**Extracted data**.

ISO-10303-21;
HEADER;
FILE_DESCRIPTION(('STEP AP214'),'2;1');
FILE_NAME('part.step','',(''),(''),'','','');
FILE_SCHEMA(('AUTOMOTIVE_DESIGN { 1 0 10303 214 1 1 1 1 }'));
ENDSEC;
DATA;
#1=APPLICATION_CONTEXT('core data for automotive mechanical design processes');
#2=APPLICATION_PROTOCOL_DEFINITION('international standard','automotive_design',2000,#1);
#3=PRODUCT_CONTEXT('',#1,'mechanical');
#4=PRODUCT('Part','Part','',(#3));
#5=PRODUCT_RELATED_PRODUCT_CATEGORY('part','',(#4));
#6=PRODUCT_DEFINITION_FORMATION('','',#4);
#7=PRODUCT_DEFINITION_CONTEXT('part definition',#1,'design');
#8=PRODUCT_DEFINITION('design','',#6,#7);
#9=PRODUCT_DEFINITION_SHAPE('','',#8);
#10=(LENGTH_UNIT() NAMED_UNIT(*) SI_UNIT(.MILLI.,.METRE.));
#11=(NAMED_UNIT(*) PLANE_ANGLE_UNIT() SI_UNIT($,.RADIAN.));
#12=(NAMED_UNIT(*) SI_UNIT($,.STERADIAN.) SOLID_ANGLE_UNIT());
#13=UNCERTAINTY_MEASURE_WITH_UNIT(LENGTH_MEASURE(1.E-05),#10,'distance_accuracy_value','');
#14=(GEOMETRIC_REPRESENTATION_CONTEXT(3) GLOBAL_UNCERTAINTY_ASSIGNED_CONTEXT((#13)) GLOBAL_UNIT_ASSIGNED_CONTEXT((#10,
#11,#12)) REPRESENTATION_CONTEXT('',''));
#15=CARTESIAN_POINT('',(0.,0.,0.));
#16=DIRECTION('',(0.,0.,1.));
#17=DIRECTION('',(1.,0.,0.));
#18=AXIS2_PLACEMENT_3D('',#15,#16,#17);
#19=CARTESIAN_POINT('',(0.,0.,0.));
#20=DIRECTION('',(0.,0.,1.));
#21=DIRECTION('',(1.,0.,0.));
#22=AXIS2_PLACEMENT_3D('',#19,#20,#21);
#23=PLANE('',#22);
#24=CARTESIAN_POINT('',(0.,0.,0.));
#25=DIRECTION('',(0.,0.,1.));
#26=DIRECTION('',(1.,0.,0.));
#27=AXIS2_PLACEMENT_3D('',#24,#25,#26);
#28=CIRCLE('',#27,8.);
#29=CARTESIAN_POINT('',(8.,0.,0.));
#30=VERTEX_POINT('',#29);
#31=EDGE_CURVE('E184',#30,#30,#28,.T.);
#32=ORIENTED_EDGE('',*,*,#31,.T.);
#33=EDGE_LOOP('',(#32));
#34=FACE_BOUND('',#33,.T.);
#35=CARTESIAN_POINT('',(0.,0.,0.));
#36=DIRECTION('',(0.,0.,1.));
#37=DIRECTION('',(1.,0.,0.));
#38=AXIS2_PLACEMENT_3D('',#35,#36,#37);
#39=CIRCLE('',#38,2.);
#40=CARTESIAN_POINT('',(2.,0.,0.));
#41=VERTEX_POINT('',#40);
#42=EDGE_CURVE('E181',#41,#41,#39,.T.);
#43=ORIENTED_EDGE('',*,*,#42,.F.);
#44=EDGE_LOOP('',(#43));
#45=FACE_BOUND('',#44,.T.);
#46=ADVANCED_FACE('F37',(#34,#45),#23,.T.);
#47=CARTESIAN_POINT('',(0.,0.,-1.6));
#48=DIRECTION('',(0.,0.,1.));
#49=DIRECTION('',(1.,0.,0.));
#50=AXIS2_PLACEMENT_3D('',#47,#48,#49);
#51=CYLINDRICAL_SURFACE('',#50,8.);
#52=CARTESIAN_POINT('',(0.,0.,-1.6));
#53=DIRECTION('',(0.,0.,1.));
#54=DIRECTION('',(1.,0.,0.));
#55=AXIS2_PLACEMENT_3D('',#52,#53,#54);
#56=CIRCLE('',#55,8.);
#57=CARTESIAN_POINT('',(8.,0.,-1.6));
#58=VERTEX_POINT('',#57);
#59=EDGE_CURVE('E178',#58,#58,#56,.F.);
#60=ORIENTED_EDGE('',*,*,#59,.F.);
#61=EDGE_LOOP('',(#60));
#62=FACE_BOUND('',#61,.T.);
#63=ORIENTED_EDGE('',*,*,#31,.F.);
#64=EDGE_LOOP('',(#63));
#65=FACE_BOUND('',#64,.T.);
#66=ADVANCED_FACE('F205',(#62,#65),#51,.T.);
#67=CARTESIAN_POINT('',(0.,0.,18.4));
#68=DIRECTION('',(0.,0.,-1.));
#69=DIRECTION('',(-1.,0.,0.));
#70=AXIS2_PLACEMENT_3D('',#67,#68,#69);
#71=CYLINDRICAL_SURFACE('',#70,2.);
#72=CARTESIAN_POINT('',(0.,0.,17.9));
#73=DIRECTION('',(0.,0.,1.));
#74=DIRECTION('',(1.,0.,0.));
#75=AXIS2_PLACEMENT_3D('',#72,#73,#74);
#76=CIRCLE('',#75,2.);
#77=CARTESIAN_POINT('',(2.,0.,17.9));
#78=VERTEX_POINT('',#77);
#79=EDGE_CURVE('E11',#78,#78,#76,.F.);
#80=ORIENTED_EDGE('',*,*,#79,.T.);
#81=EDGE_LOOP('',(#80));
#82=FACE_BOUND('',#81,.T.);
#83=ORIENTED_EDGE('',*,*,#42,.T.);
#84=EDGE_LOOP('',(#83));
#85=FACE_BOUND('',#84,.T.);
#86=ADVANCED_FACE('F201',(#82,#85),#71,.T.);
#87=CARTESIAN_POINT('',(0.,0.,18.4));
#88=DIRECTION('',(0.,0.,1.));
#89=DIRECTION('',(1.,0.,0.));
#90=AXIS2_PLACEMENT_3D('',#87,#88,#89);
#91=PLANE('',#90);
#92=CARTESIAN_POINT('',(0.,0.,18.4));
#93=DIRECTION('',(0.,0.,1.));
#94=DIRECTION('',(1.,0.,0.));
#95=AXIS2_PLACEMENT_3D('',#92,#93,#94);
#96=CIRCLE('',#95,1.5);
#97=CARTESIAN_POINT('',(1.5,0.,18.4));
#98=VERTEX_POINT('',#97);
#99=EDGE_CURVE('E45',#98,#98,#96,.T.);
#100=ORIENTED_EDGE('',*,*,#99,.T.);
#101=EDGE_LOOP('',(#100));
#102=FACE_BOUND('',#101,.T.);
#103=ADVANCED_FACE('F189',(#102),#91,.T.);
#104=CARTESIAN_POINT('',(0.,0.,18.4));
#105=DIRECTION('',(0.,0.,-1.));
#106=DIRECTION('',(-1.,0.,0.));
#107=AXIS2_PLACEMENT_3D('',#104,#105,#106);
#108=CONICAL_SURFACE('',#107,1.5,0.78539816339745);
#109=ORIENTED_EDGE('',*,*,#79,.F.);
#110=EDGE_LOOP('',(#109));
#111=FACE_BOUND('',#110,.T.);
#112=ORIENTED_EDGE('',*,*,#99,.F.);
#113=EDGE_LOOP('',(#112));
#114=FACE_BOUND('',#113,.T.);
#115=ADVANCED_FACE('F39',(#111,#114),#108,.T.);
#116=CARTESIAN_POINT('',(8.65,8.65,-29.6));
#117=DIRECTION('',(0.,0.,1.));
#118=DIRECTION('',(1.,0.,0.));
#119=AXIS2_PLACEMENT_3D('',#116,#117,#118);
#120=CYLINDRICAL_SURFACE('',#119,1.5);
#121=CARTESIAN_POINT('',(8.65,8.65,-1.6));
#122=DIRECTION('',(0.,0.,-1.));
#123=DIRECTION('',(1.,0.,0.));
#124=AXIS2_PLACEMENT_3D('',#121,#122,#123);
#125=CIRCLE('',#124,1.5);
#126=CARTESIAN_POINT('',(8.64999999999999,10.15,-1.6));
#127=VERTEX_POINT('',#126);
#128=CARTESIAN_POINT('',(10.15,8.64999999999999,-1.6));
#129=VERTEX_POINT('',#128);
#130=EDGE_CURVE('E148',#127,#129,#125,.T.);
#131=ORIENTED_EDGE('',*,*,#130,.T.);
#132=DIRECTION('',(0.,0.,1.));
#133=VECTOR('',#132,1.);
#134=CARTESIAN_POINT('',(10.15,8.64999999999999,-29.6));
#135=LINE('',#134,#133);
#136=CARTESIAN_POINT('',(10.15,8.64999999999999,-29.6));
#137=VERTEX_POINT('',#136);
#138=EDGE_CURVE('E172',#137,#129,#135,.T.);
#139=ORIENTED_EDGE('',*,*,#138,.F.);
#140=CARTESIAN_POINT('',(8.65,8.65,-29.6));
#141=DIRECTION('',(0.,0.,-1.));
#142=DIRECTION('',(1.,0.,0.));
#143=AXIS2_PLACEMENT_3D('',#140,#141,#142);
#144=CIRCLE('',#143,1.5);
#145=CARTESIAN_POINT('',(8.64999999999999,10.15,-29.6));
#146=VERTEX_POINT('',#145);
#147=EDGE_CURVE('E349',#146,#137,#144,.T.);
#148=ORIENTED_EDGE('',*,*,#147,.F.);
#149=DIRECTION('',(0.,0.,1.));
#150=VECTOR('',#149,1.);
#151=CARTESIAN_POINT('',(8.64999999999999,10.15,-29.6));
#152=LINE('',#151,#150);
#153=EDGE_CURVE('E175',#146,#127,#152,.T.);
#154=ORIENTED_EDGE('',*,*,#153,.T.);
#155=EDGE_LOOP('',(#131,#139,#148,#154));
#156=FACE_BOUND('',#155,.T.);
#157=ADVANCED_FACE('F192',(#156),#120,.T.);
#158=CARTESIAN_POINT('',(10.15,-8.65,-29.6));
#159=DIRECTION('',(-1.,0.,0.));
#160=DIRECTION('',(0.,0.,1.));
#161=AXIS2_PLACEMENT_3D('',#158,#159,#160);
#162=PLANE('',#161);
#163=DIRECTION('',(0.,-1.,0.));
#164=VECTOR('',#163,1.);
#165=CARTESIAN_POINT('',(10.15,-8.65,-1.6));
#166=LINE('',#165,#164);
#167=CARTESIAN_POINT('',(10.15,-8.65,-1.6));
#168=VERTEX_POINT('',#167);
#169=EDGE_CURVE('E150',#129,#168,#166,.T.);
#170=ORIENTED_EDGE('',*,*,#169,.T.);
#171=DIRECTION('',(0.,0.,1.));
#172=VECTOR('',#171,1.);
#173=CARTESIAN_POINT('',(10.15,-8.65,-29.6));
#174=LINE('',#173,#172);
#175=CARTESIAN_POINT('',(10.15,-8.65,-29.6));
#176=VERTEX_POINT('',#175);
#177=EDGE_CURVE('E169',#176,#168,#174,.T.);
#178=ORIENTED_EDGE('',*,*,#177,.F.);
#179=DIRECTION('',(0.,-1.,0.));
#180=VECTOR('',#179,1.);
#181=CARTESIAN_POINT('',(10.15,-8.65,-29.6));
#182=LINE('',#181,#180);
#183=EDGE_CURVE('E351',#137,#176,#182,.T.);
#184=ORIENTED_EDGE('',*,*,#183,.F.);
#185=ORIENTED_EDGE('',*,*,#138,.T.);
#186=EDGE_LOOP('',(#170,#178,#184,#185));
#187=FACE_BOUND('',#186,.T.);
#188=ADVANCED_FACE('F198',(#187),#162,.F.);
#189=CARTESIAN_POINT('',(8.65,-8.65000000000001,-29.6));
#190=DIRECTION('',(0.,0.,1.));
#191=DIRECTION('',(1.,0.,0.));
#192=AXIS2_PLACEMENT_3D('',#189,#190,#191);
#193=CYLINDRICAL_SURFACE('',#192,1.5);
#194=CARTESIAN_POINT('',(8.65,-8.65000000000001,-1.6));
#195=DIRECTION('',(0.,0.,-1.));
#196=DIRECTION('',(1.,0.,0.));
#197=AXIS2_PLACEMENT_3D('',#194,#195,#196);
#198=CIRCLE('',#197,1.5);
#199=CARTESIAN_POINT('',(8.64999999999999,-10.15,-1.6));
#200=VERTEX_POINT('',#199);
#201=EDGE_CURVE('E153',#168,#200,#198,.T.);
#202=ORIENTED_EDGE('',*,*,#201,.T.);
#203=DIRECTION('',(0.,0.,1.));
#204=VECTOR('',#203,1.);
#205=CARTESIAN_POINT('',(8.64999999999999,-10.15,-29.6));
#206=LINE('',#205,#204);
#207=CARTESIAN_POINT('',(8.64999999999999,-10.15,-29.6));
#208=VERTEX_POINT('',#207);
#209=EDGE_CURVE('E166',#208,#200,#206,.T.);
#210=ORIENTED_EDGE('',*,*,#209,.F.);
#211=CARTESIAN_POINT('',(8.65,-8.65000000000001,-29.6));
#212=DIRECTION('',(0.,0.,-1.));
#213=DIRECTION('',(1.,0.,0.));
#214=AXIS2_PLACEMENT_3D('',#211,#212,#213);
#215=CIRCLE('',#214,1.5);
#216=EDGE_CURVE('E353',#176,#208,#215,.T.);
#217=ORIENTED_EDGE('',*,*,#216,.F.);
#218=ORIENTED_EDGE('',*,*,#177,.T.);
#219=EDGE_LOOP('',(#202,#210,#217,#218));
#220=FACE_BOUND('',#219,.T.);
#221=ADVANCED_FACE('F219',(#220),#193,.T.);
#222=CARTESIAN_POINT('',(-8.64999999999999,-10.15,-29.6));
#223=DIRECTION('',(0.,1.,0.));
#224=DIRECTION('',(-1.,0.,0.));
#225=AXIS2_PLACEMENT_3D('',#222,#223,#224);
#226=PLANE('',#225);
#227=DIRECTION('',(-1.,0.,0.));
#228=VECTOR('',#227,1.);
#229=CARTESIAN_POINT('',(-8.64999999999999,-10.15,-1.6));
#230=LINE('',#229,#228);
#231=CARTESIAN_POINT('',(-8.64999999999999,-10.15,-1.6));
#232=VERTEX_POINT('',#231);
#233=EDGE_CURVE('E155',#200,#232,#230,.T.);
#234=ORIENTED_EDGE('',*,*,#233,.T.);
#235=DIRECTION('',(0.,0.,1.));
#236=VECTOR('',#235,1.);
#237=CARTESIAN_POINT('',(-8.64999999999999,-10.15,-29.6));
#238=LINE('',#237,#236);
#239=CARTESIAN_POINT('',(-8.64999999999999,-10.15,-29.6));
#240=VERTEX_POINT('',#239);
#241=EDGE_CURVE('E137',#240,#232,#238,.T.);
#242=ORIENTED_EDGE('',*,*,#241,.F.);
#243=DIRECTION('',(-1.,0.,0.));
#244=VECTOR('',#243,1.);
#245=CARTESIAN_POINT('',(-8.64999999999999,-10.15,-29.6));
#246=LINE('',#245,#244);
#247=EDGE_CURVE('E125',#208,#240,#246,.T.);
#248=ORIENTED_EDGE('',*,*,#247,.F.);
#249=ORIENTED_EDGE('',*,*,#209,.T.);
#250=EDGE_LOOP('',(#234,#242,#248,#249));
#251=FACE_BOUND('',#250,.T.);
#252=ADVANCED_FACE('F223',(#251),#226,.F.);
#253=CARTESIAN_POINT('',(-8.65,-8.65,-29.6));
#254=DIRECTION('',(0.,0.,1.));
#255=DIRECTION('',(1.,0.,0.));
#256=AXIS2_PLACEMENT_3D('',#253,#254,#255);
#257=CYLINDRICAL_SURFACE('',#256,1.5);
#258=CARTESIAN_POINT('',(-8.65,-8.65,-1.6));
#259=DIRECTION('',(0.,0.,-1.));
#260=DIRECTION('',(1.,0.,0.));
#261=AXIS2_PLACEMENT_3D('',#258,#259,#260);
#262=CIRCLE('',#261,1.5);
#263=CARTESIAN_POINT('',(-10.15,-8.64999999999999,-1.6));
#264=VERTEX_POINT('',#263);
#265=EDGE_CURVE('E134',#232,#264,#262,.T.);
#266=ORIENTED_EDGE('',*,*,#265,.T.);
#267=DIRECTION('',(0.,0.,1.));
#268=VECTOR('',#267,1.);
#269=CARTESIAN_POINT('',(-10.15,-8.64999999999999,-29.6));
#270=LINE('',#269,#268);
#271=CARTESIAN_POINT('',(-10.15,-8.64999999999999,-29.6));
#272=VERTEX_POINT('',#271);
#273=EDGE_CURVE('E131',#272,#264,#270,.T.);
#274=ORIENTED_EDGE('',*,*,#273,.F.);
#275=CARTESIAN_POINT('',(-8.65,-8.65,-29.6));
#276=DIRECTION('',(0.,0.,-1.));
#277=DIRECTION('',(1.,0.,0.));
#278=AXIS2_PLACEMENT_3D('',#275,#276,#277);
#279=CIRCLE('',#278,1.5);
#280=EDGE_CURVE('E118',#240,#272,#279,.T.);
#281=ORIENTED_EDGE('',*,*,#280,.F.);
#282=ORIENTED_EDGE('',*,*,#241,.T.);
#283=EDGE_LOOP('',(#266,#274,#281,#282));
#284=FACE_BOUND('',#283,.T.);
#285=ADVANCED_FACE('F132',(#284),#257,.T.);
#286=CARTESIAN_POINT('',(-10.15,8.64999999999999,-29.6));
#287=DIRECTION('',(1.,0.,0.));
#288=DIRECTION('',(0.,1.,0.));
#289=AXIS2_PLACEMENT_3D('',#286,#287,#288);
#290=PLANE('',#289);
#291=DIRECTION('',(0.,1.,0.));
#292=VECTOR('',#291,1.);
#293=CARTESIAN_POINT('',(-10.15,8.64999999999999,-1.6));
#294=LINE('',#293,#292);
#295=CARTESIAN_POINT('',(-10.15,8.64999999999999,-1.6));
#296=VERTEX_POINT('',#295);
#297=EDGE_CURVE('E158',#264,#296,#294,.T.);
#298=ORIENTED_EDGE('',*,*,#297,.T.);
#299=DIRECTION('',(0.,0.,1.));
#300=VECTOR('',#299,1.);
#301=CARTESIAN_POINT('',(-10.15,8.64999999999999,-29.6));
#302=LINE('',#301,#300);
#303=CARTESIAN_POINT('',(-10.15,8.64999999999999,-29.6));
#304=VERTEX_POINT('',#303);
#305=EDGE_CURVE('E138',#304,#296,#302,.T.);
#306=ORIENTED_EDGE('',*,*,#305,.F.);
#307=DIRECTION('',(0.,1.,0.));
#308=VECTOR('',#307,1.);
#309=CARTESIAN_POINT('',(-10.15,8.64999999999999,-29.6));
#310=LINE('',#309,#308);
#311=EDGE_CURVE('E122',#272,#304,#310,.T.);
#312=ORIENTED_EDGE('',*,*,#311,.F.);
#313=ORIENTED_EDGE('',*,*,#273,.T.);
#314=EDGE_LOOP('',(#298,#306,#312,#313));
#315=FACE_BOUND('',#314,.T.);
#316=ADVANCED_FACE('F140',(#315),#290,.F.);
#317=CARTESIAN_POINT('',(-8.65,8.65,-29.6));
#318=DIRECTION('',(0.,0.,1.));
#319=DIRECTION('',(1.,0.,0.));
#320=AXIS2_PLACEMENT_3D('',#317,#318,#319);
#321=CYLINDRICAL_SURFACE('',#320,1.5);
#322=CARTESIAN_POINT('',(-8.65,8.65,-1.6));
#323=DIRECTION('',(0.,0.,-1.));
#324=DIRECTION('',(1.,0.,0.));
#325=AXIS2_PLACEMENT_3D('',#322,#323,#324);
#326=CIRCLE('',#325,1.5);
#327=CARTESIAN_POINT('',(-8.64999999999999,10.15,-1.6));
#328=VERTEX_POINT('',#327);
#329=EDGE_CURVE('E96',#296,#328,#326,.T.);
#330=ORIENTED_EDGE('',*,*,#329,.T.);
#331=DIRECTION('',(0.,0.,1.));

**About this exercise**. Retype the portion of the data above that starts on the line with "#141=DIRECTION('',(0.,0.,-1.));" and finishes on the line with "#151=CARTESIAN_POINT('',(8.64999999999999,10.15,-29.6));", including both of those lines.

**Result below**.
#141=DIRECTION('',(0.,0.,-1.));
#142=DIRECTION('',(1.,0.,0.));
#143=AXIS2_PLACEMENT_3D('',#140,#141,#142);
#144=CIRCLE('',#143,1.5);
#145=CARTESIAN_POINT('',(8.64999999999999,10.15,-29.6));
#146=VERTEX_POINT('',#145);
#147=EDGE_CURVE('E349',#146,#137,#144,.T.);
#148=ORIENTED_EDGE('',*,*,#147,.F.);
#149=DIRECTION('',(0.,0.,1.));
#150=VECTOR('',#149,1.);
#151=CARTESIAN_POINT('',(8.64999999999999,10.15,-29.6));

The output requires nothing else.